= 1929 Fijian general election =

General elections were held in Fiji in 1929. They were the first in which Indo-Fijians were allowed to vote.

==Background==
Indo-Fijians had previously been able to vote in municipal elections, but when elections to the Legislative Council were introduced in 1905, the Governor noted that he "did not consider it necessary to provide for the representation of the Indians and Pacific Islanders because they had shown themselves open to corruption at the municipal elections." Subsequently, the community lost its right to vote in local elections in 1912. In 1916 provision was made for an Indo-Fijian member of the Legislative Council, but they were appointed by the Governor rather than elected.

==Electoral system==
Constitutional amendments made on 1 May 1929 changed the composition of the Legislative Council. The number of appointed members was increased from 12 to 13, with all 13 now required to be civil servants (previously one of the appointed members had been from outside the civil service).

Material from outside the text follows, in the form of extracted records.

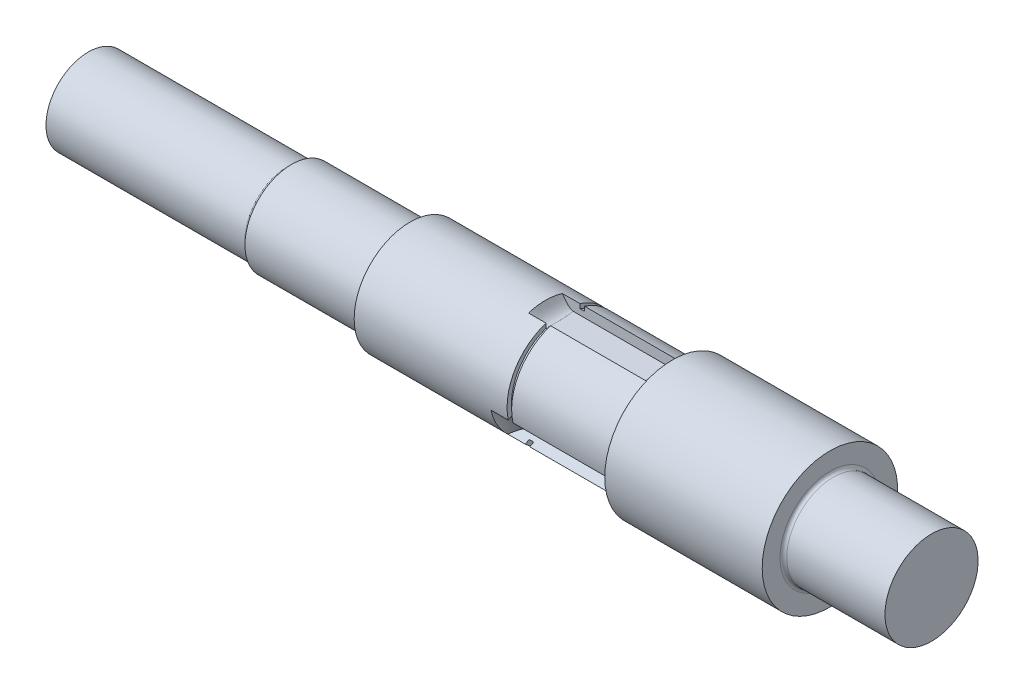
ISO-10303-21;
HEADER;
FILE_DESCRIPTION(('STEP AP214'),'2;1');
FILE_NAME('part.step','',(''),(''),'','','');
FILE_SCHEMA(('AUTOMOTIVE_DESIGN { 1 0 10303 214 1 1 1 1 }'));
ENDSEC;
DATA;
#1=APPLICATION_CONTEXT('core data for automotive mechanical design processes');
#2=APPLICATION_PROTOCOL_DEFINITION('international standard','automotive_design',2000,#1);
#3=PRODUCT_CONTEXT('',#1,'mechanical');
#4=PRODUCT('Part','Part','',(#3));
#5=PRODUCT_RELATED_PRODUCT_CATEGORY('part','',(#4));
#6=PRODUCT_DEFINITION_FORMATION('','',#4);
#7=PRODUCT_DEFINITION_CONTEXT('part definition',#1,'design');
#8=PRODUCT_DEFINITION('design','',#6,#7);
#9=PRODUCT_DEFINITION_SHAPE('','',#8);
#10=(LENGTH_UNIT() NAMED_UNIT(*) SI_UNIT(.MILLI.,.METRE.));
#11=(NAMED_UNIT(*) PLANE_ANGLE_UNIT() SI_UNIT($,.RADIAN.));
#12=(NAMED_UNIT(*) SI_UNIT($,.STERADIAN.) SOLID_ANGLE_UNIT());
#13=UNCERTAINTY_MEASURE_WITH_UNIT(LENGTH_MEASURE(1.E-05),#10,'distance_accuracy_value','');
#14=(GEOMETRIC_REPRESENTATION_CONTEXT(3) GLOBAL_UNCERTAINTY_ASSIGNED_CONTEXT((#13)) GLOBAL_UNIT_ASSIGNED_CONTEXT((#10,
#11,#12)) REPRESENTATION_CONTEXT('',''));
#15=CARTESIAN_POINT('',(0.,0.,0.));
#16=DIRECTION('',(0.,0.,1.));
#17=DIRECTION('',(1.,0.,0.));
#18=AXIS2_PLACEMENT_3D('',#15,#16,#17);
#19=CARTESIAN_POINT('',(0.,0.,0.));
#20=DIRECTION('',(-1.,0.,0.));
#21=DIRECTION('',(0.,0.,1.));
#22=AXIS2_PLACEMENT_3D('',#19,#20,#21);
#23=CYLINDRICAL_SURFACE('',#22,33.);
#24=DIRECTION('',(-1.,0.,0.));
#25=VECTOR('',#24,1.);
#26=CARTESIAN_POINT('',(0.,31.4483703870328,-10.));
#27=LINE('',#26,#25);
#28=CARTESIAN_POINT('',(220.,31.4483703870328,-10.));
#29=VERTEX_POINT('',#28);
#30=CARTESIAN_POINT('',(163.,31.4483703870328,-10.));
#31=VERTEX_POINT('',#30);
#32=EDGE_CURVE('E361',#29,#31,#27,.T.);
#33=ORIENTED_EDGE('',*,*,#32,.F.);
#34=CARTESIAN_POINT('',(220.,0.,0.));
#35=DIRECTION('',(1.,0.,0.));
#36=DIRECTION('',(0.,0.,-1.));
#37=AXIS2_PLACEMENT_3D('',#34,#35,#36);
#38=CIRCLE('',#37,33.);
#39=CARTESIAN_POINT('',(220.,-7.06393115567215,-32.2350876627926));
#40=VERTEX_POINT('',#39);
#41=EDGE_CURVE('E1095',#29,#40,#38,.F.);
#42=ORIENTED_EDGE('',*,*,#41,.T.);
#43=DIRECTION('',(-1.,0.,0.));
#44=VECTOR('',#43,1.);
#45=CARTESIAN_POINT('',(0.,-7.06393115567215,-32.2350876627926));
#46=LINE('',#45,#44);
#47=CARTESIAN_POINT('',(163.,-7.06393115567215,-32.2350876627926));
#48=VERTEX_POINT('',#47);
#49=EDGE_CURVE('E893',#48,#40,#46,.F.);
#50=ORIENTED_EDGE('',*,*,#49,.F.);
#51=CARTESIAN_POINT('',(163.,0.,0.));
#52=DIRECTION('',(-1.,0.,0.));
#53=DIRECTION('',(0.,0.,1.));
#54=AXIS2_PLACEMENT_3D('',#51,#52,#53);
#55=CIRCLE('',#54,33.);
#56=EDGE_CURVE('E283',#31,#48,#55,.T.);
#57=ORIENTED_EDGE('',*,*,#56,.F.);
#58=EDGE_LOOP('',(#33,#42,#50,#57));
#59=FACE_BOUND('',#58,.T.);
#60=ADVANCED_FACE('F51',(#59),#23,.T.);
#61=DIRECTION('',(-1.,0.,0.));
#62=VECTOR('',#61,1.);
#63=CARTESIAN_POINT('',(0.,-24.3844392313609,-22.2350876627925));
#64=LINE('',#63,#62);
#65=CARTESIAN_POINT('',(220.,-24.3844392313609,-22.2350876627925));
#66=VERTEX_POINT('',#65);
#67=CARTESIAN_POINT('',(163.,-24.3844392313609,-22.2350876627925));
#68=VERTEX_POINT('',#67);
#69=EDGE_CURVE('E373',#66,#68,#64,.T.);
#70=ORIENTED_EDGE('',*,*,#69,.F.);
#71=CARTESIAN_POINT('',(220.,0.,0.));
#72=DIRECTION('',(1.,0.,0.));
#73=DIRECTION('',(0.,0.,-1.));
#74=AXIS2_PLACEMENT_3D('',#71,#72,#73);
#75=CIRCLE('',#74,33.);
#76=CARTESIAN_POINT('',(220.,-24.3844392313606,22.2350876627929));
#77=VERTEX_POINT('',#76);
#78=EDGE_CURVE('E1100',#66,#77,#75,.F.);
#79=ORIENTED_EDGE('',*,*,#78,.T.);
#80=DIRECTION('',(-1.,0.,0.));
#81=VECTOR('',#80,1.);
#82=CARTESIAN_POINT('',(0.,-24.3844392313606,22.2350876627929));
#83=LINE('',#82,#81);
#84=CARTESIAN_POINT('',(163.,-24.3844392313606,22.2350876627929));
#85=VERTEX_POINT('',#84);
#86=EDGE_CURVE('E262',#85,#77,#83,.F.);
#87=ORIENTED_EDGE('',*,*,#86,.F.);
#88=EDGE_CURVE('E280',#68,#85,#55,.T.);
#89=ORIENTED_EDGE('',*,*,#88,.F.);
#90=EDGE_LOOP('',(#70,#79,#87,#89));
#91=FACE_BOUND('',#90,.T.);
#92=ADVANCED_FACE('F695',(#91),#23,.T.);
#93=CARTESIAN_POINT('',(0.,0.,0.));
#94=DIRECTION('',(-1.,0.,0.));
#95=DIRECTION('',(0.,0.,1.));
#96=AXIS2_PLACEMENT_3D('',#93,#94,#95);
#97=CYLINDRICAL_SURFACE('',#96,33.);
#98=CARTESIAN_POINT('',(70.,0.,0.));
#99=DIRECTION('',(-1.,0.,0.));
#100=DIRECTION('',(0.,0.,1.));
#101=AXIS2_PLACEMENT_3D('',#98,#99,#100);
#102=CIRCLE('',#101,33.);
#103=CARTESIAN_POINT('',(70.,0.,33.));
#104=VERTEX_POINT('',#103);
#105=EDGE_CURVE('E344',#104,#104,#102,.T.);
#106=ORIENTED_EDGE('',*,*,#105,.F.);
#107=EDGE_LOOP('',(#106));
#108=FACE_BOUND('',#107,.T.);
#109=DIRECTION('',(-1.,0.,0.));
#110=VECTOR('',#109,1.);
#111=CARTESIAN_POINT('',(0.,-7.06393115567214,-32.2350876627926));
#112=LINE('',#111,#110);
#113=CARTESIAN_POINT('',(149.999996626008,-7.06389360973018,-32.2350226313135));
#114=VERTEX_POINT('',#113);
#115=CARTESIAN_POINT('',(160.33,-7.06393115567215,-32.2350876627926));
#116=VERTEX_POINT('',#115);
#117=EDGE_CURVE('E979',#114,#116,#112,.F.);
#118=ORIENTED_EDGE('',*,*,#117,.F.);
#119=CARTESIAN_POINT('',(150.,-25.010468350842,-21.5285037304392));
#120=CARTESIAN_POINT('',(150.,-23.8929140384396,-22.8268083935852));
#121=CARTESIAN_POINT('',(150.,-22.6083677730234,-24.1111229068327));
#122=CARTESIAN_POINT('',(150.,-19.7450859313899,-26.5069070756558));
#123=CARTESIAN_POINT('',(150.,-18.1660493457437,-27.6169442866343));
#124=CARTESIAN_POINT('',(150.,-14.8339506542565,-29.5407323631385));
#125=CARTESIAN_POINT('',(150.,-13.0831119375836,-30.3531995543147));
#126=CARTESIAN_POINT('',(150.,-9.57666106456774,-31.6349822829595));
#127=CARTESIAN_POINT('',(150.,-7.82213893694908,-32.1052747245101));
#128=CARTESIAN_POINT('',(150.,-6.13899696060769,-32.4239528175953));
#129=(BOUNDED_CURVE() B_SPLINE_CURVE(3,(#119,#120,#121,#122,#123,#124,#125,#126,#127,#128),
.UNSPECIFIED.,.F.,.F.) B_SPLINE_CURVE_WITH_KNOTS((4,2,2,2,4),(-0.00241717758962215,
0.00379141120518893,0.01,0.0162085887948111,0.0224171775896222),
.UNSPECIFIED.) CURVE() GEOMETRIC_REPRESENTATION_ITEM() RATIONAL_B_SPLINE_CURVE((1.,1.,1.,1.,1.,
1.,1.,1.,1.,1.)) REPRESENTATION_ITEM(''));
#130=CARTESIAN_POINT('',(149.999993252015,-24.3843641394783,-22.2349575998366));
#131=VERTEX_POINT('',#130);
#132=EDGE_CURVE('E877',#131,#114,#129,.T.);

The number of elected members was increased from seven to nine, with the number of European elected members reduced from seven to six (elected from five constituencies, reduced from six with the removal of Suva), and three elected seats created for Indo-Fijians. The number of appointed Fijian members was increased from two to three; they were appointed from a list of between four and six potential candidates presented to the Governor by the Great Council of Chiefs. The Governor also sat in the Council as its President.

Voter eligibility remained unchanged for Europeans, being restricted to men aged 21 or over who had been born to European parents (or a European father and was able to read, speak and write English), who were British subjects and had been continuously resident in Fiji for 12 months, and who either owned at least £20 of freehold or leasehold property or had an annual income of at least £120.

For Indo-Fijians, eligibility was also restricted to men aged 21 or over. They had to be a British subject or from British India, have lived continuously in the Fiji for at least two years, be able to read or write in English, Gujarati, Gurmukhi, Hindi, Tamil, Telugu or Urdu, and for the previous six months, have either owned property with an annual value of five years, had a net annual cash income of at least £75, or held a Government or municipal licence worth at least £5 annually.

In both ethnic categories, civil servants were barred from voting.

==Results==
Three sitting members of the Council contested the two seats in the redrawn Southern constituency; Alport Barker who had represented the old Southern constituency, and Henry Milne Scott and Henry Marks, who been the two members for Suva since 1911 (Milne Scott was first elected in 1908). Marks was unseated after 18 years on the Council, finishing 125 votes behind Barker.

| Constituency | Candidate | Votes | % | Notes |
European members
| Eastern | John Maynard Hedstrom | Unopposed |  | Re-elected |
| Northern | Hugh Ragg | Unopposed |  | Elected |
| Southern | Henry Milne Scott | 471 | 38.5 | Re-elected |
| Alport Barker | 438 | 35.8 | Re-elected |
| Henry Marks | 313 | 25.6 | Unseated |
| Informal votes | 7 | – |  |
| Vanua Levu & Taveuni | William Edmund Willoughby-Tottenham | 120 | 88.9 | Re-elected |
| E. Hathaway | 15 | 11.1 |  |
| Informal votes | 32 | – |  |
| Western | John Percy Bayly | 59 | 32.4 | Elected |
| Charles Wimbledon Thomas | 50 | 27.5 |  |
| P. Costello | 49 | 26.9 |  |
| Percival William Faddy | 24 | 13.2 | Unseated |
| Informal votes | 7 | – |  |
Indo-Fijian members
| Eastern | James Ramchandar Rao | 63 | 75.9 | Elected |
| Khalil Sahim | 20 | 24.1 |  |
| Informal votes | 5 | – |  |
| Northern and Western | Parmanand Singh | 309 | 58.2 | Elected |
| Champadan Manakandan Gopalan | 222 | 41.8 |  |
| Informal votes | 57 | – |  |
| Southern | Vishnu Deo | 419 | 72.1 | Elected |
| John F. Grant | 162 | 27.9 |  |
| Informal | 13 | – |  |
Source: Ali

==Aftermath==
Popi Seniloli and Deve Toganivalu were appointed as Fijian members.

After the Legislative Council was opened, Deo put forward a resolution for a common electoral roll on 5 November 1929. After it was defeated, the three Indo-Fijian members walked out of the Council. After missing three sittings, they were deemed to have forfeited their seats and by-elections were called. However, no nominations were received. As a result, the Indo-Fijian seats were left vacant until 1932.